VogelProfessor Vogel, Annenberg School

Amos Vogel, professor emeritus in the Annenberg School for Communication, passed away April 24 in New York City; he was 91.

Professor Vogel had a significant impact on the film industry. He is noted for transforming the New York film culture in the 1940s. In 1947 he opened Cinema 16, an art film house in New York that exposed a new generation to international fare. Marking its 50th anniversary, he also co-founded the New York Film Festival, which he ran until 1968. He was also a film consultant and program director of the National Public Television Conference in 1973.

That same year, he came to Penn as the director of film at the Annenberg Center. Professor Vogel was appointed professor in 1976 and taught various film studies courses. He became emeritus in 1991.
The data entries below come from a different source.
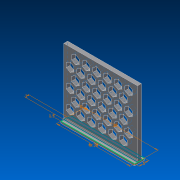
# Autodesk Inventor part: vent test hex 2
Saved by Autodesk Inventor 2015 (Build 190159000, 159)
## iProperties
Created: 2017-03-16
Part Number: vent test hex 2
Material: Generic
Document SubType Name: Modeling
Designer: ZigZagJoe
Density: 1 g/cm^3
Appearance: Default
Author: ZigZagJoe
Autodesk Inventor part; units mm, degrees
ref_plane "YZ Plane" through (0, 0, 0) normal (1, 0, 0) x (0, 1, 0)
ref_plane "XZ Plane" through (0, 0, 0) normal (0, 1, 0) x (-1, 0, 0)
ref_plane "XY Plane" through (0, 0, 0) normal (0, 0, 1) x (1, 0, 0)
sketch "Sketch1" plane through (0, 0, 0) normal (0, 0, 1) x (1, 0, 0)
  line L0 (-19.4684, -0.3877) -> (18.5316, -0.3877)
  line L1 (18.5316, -0.3877) -> (18.5316, -5.3877)
  line L2 (18.5316, -5.3877) -> (-19.4684, -5.3877)
  line L3 (-19.4684, -5.3877) -> (-19.4684, -0.3877)
  line L4 (-19.4684, -1.8877) -> (18.5316, -1.8877)
  line L5 (18.5316, -1.8877) -> (18.5316, -3.8877)
  line L6 (18.5316, -3.8877) -> (-19.4684, -3.8877)
  line L7 (-19.4684, -3.8877) -> (-19.4684, -1.8877)
  point P0 (0, 0)
  dimension "d0" = 38
  dimension "d1" = 5
  dimension "d4" = 2
  dimension "d5" = 38
  dimension "d7" = 1.5
  dimension "d56" = 0
  constraints: 16 end point, 4 parallel, 2 horizontal, 2 perpendicular
  measures "d0" distance of L1.end L2.end
  measures "d1" distance of L0.end L1.end
  measures "d4" distance of L6.end L4.start
  measures "d5" distance of L4.start L4.end
  measures "d7" distance between parallel lines of L2 L6
  measures "d56" distance between parallel lines of L3 L7
extrude "Extrusion1" add sketch "Sketch1" along normal blind 34 contours L4 L1 L6 L3
extrude "Extrusion2" add sketch "Sketch1" against normal blind 1
fillet "Fillet1" radius 1 2 edges at (-0.4684, -3.8877, 0) (-0.4684, -1.8877, 0)
sketch "Sketch2" plane through (-19.4684, -3.8877, 34) normal (0, -1, 0) x (1, 0, 0)
  line L0 (37, -1) -> (1, -1)
  line L1 (1, -1) -> (1, -17)
  line L2 (1, -17) -> (37, -17)
  line L3 (37, -17) -> (37, -1)
  line L4 (0, 0) -> (38, 0) projected
  line L5 (2.3536, -1) -> (7.3536, -1) construction
  line L6 (8.0711, -1) -> (5.2426, -3.8284)
  line L7 (5.2426, -3.8284) -> (2.4142, -1)
  line L8 (1, -2.4142) -> (3.8284, -5.2426)
  line L9 (3.8284, -5.2426) -> (1, -8.0711)
  line L10 (1, -8.0711) -> (2.4142, -9.4853)
  line L11 (2.4142, -9.4853) -> (5.2426, -6.6569)
  line L12 (5.2426, -6.6569) -> (8.0711, -9.4853)
  line L13 (8.0711, -9.4853) -> (9.4853, -8.0711)
  line L14 (9.4853, -8.0711) -> (6.6569, -5.2426)
  line L15 (6.6569, -5.2426) -> (9.4853, -2.4142)
  line L16 (9.4853, -2.4142) -> (8.0711, -1)
  line L17 (2.4142, -1) -> (1, -2.4142)
  line L18 (9.4853, -2.4142) -> (9.4853, -8.0711)
  line L19 (8.0711, -9.4853) -> (2.4142, -9.4853)
  line L20 (1, -8.0711) -> (1, -2.4142)
  line L21 (2.4142, -1) -> (8.0711, -1)
  line L22 (38, -33) -> (38, 0) projected
  line L23 (0, -33) -> (0, 0) projected
  point P0 (19.4684, -34)
  dimension "d28" = 4
  dimension "d29" = 2
  dimension "d30" = 4
  dimension "d31" = 2
  dimension "d32" = 4
  dimension "d39" = 8.4853
  dimension "d40" = 1
  dimension "d41" = 1
  dimension "d42" = 1
  constraints: 42 end point, 12 point on line, 7 perpendicular, 4 parallel, 2 horizontal, 1 collinear
  measures "d28" distance of L11.end L12.end
  measures "d29" distance of L12.end L13.end
  measures "d30" distance of L14.end L15.end
  measures "d31" distance between parallel lines of L11 L9
  measures "d32" distance of L8.start L8.end
  measures "d39" horizontal distance of L13.end L8.start
  measures "d40" distance between parallel lines of L22 L3
  measures "d41" distance between parallel lines of L23 L20
  measures "d42" distance between parallel lines of L4 L0
extrude "Extrusion3" [suppressed]
pattern_linear "Rectangular Pattern1" [suppressed]
sketch "Sketch3" plane through (-19.4684, -3.8877, 34) normal (0, -1, 0) x (1, 0, 0)
  line L0 (3, -3) -> (3, -21) construction
  line L1 (2, -3) -> (2, -21)
  line L2 (4, -21) -> (4, -3)
  arc A0 (4, -3) -> (2, -3) centre (3, -3) ccw
  arc A1 (2, -21) -> (4, -21) centre (3, -21) ccw
  line L3 (0, 0) -> (38, 0) projected
  line L4 (0, -33) -> (0, 0) projected
  point P0 (19.4684, -34)
  point P1 (3, -12)
  dimension "d43" = 2
  dimension "d44" = 3
  dimension "d45" = 18
  dimension "d48" = 3
  constraints: 8 end point, 4 point on circle, 4 tangent, 2 centre point, 1 midpoint, 1 parallel, 1 vertical
  measures "d43" diameter of A1
  measures "d44" distance from line of L0.start L3
  measures "d45" distance of L0.start L0.end
  measures "d48" distance from line of L4 L0.start
extrude "Extrusion4" [suppressed]
pattern_linear "Rectangular Pattern2" [suppressed]
fillet "Fillet2" [suppressed]
sketch "Sketch4" plane through (-19.4684, -3.8877, 34) normal (0, -1, 0) x (1, 0, 0)
  line L0 (6, -2) -> (8, -3.1547)
  line L1 (8, -3.1547) -> (8, -5.4641)
  line L2 (8, -5.4641) -> (6, -6.6188)
  line L3 (6, -6.6188) -> (4, -5.4641)
  line L4 (4, -5.4641) -> (4, -3.1547)
  line L5 (4, -3.1547) -> (6, -2)
  line L6 (0, -33) -> (0, 0) projected
  line L7 (5.25, -10.2272) -> (3.25, -11.3819)
  line L8 (3.25, -11.3819) -> (1.25, -10.2272)
  line L9 (1.25, -10.2272) -> (1.25, -7.9178)
  line L10 (1.25, -7.9178) -> (3.25, -6.7631)
  line L11 (3.25, -6.7631) -> (5.25, -7.9178)
  line L12 (5.25, -7.9178) -> (5.25, -10.2272)
  line L13 (10.75, -10.2272) -> (8.75, -11.3819)
  line L14 (8.75, -11.3819) -> (6.75, -10.2272)
  line L15 (6.75, -10.2272) -> (6.75, -7.9178)
  line L16 (6.75, -7.9178) -> (8.75, -6.7631)
  line L17 (8.75, -6.7631) -> (10.75, -7.9178)
  line L18 (10.75, -7.9178) -> (10.75, -10.2272)
  line L19 (13.5, -3.1547) -> (13.5, -5.4641)
  line L20 (13.5, -5.4641) -> (11.5, -6.6188)
  line L21 (11.5, -6.6188) -> (9.5, -5.4641)
  line L22 (9.5, -5.4641) -> (9.5, -3.1547)
  line L23 (9.5, -3.1547) -> (11.5, -2)
  line L24 (11.5, -2) -> (13.5, -3.1547)
  point P0 (19.4684, -34)
  point P1 (6, -4.3094)
  point P2 (3.25, -9.0725)
  point P3 (8.75, -9.0725)
  point P4 (11.5, -4.3094)
  dimension "d57" = 4
  dimension "d58" = 2
  dimension "d59" = 4
  dimension "d62" = 0
  dimension "d63" = 4
  dimension "d64" = 1.5
  dimension "d65" = 0.75
  dimension "d67" = 1.5
  dimension "d68" = 1.5
  dimension "d69" = 4
  dimension "d71" = 4
  dimension "d72" = 1.5
  dimension "d73" = 1.5
  dimension "d80" = 12.25
  dimension "d81" = 9.3819
  constraints: 48 end point, 52 other
  measures "d57" distance between parallel lines of L6 L4
  measures "d58" vertical distance of L6.end L0.start
  measures "d59" distance between parallel lines of L5 L2
  measures "d62" angle of L6 L9
  measures "d63" distance between parallel lines of L7 L10
  measures "d64" distance of L3.end L10.end
  measures "d65" horizontal distance of L11.end L2.end
  measures "d67" distance between parallel lines of L15 L12
  measures "d68" distance of L1.end L16.end
  measures "d69" distance between parallel lines of L13 L16
  measures "d71" distance between parallel lines of L20 L23
  measures "d72" distance between parallel lines of L21 L17
  measures "d73" distance of L22.end L0.end
  measures "d80" horizontal distance of L19.start L9.end
  measures "d81" vertical distance of L7.end L0.start
extrude "Extrusion5" cut sketch "Sketch4" against normal blind 10
pattern_linear "Rectangular Pattern3" count 3 spacing 11 along (1, 0, 0) count 3 spacing 9.5 along (0, 0, -1) of "Extrusion5"
equation "\"d0\" = d5"
equation "\"d28\" = d32"
equation "\"d29\" = d31"
equation "\"d30\" = d32"
equation "\"d57\" = d59"
equation "\"d63\" = d59"
equation "\"d65\" = 0.5 * d64"
equation "\"d67\" = d64"
equation "\"d68\" = d64"
equation "\"d69\" = d59"
equation "\"d71\" = d59"
equation "\"d72\" = d64"
equation "\"d73\" = d64"
body "Solid1"

“By the time Amos Vogel joined the Annenberg faculty he had already transformed the worldview of film as an art form,” said Dr. Robert Able, Gr’84, who was a teaching assistant with Professor Vogel and is the owner of Modern Gallery in Philadelphia. “At the Annenberg School, Amos became a major contributor to the cutting-edge scholarly investigation of visual communication. He trained a whole generation of students to understand the formal aspects of ‘film language’ and screened hundreds of important, but neglected films at his Annenberg Cinematheque. Above all, Amos was a kind, compassionate and generous man whose life and work were transformative for all those who surrounded him.”

Professor Vogel authored of Film as a Subversive Art and the children’s book, How Little Lori Visited Times Square, illustrated by Maurice Sendak.

Born in Vienna, Austria, Professor Vogel escaped the Nazis and immigrated to America. He earned a bachelor’s degree in economics and political science from the New School of Social Research in New York City in 1949.

Professor Vogel is survived by his sons, Loring and Steven; and four grandchildren. His wife, Marcia, died in 2009.